Contributor: University of Helsinki, Helsinki Inequality Initiative (INEQ)
Publisher: Routledge
Date: 2019-07-16
Language: eng
Number of pages: 24
Belongs to series: Extending the Protection to Migrant Populations in Europe Old and New Minorities
Belongs to series: Routledge Research on the Global Politics of Migration
ISBN: 978-1-138-59072-4
978-0-429-49086-6
URI: http://hdl.handle.net/10138/317752
Abstract: The categories emanating from international human rights law defining the belonging of peoples to different types of minorities invites for a re-assessment. These different minority categories such as indigenous peoples, national (historical) minorities and migrants tend to fix people to different types or levels of specific protection. The justifications for different treatment are, however, not born in a vacuum or value-free, and they rarely fit seamlessly with real life cases of needs of minorities.

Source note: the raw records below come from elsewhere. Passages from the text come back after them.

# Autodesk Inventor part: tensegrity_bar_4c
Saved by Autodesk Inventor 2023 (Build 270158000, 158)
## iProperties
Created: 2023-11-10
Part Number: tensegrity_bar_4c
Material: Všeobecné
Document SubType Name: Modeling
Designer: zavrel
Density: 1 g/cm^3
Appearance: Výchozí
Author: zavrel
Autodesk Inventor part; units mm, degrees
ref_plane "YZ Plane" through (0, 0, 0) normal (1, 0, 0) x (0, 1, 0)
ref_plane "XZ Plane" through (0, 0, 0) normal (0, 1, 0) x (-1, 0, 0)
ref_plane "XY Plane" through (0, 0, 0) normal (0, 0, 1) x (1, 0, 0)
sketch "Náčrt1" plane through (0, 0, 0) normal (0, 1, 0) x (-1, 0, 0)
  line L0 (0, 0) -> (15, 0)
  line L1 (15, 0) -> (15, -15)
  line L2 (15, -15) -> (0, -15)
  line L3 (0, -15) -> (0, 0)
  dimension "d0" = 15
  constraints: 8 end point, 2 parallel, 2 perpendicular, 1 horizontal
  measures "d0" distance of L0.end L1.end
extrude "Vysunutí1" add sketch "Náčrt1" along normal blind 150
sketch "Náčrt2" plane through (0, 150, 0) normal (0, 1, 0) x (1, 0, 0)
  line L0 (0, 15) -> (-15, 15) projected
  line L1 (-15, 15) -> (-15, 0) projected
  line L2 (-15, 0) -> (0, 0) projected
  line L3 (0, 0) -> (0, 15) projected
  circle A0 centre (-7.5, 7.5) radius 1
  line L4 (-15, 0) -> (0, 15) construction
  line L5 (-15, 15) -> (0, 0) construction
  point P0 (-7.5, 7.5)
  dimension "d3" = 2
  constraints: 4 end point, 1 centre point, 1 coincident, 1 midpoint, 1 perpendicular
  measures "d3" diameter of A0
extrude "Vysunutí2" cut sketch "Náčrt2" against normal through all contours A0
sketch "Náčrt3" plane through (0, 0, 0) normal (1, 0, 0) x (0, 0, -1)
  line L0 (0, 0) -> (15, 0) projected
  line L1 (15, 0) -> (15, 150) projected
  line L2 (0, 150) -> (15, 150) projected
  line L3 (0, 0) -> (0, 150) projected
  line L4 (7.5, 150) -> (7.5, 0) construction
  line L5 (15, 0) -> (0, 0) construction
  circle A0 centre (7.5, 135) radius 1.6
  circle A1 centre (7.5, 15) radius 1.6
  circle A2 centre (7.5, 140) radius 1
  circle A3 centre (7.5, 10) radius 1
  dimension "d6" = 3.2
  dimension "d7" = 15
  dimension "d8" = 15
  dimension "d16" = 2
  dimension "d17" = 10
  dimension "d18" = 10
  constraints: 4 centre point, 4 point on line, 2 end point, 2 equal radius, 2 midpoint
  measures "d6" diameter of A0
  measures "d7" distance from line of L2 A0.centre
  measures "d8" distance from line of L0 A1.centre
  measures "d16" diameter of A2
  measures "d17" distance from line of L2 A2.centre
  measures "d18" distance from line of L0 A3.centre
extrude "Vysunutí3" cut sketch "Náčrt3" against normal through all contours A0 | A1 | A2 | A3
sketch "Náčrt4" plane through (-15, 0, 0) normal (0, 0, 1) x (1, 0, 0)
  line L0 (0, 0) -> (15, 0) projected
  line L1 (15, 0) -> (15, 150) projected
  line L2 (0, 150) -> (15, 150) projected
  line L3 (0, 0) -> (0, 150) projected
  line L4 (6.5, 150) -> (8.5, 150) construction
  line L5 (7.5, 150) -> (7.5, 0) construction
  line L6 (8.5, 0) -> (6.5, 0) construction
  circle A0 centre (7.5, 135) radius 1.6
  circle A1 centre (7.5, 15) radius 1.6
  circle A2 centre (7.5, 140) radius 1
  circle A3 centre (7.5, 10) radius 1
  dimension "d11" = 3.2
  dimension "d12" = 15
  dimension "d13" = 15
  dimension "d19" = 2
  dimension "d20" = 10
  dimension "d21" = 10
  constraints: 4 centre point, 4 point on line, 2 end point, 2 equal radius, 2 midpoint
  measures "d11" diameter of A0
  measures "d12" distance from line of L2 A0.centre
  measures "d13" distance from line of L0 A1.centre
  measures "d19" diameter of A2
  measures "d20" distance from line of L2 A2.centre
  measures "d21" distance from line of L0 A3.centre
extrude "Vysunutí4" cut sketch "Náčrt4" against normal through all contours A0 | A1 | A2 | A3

Thus, in this article I shall discuss the legitimacy and consequences of the current typology, which divides minorities into different categories. This categorization has direct consequences for the rights people can claim vis-à-vis their governments and the international community. To illustrate the key concerns with the contemporary categorization of minorities, this article presents the case of Roma and their current struggles to fit their claims and needs into the existing minority rights framework.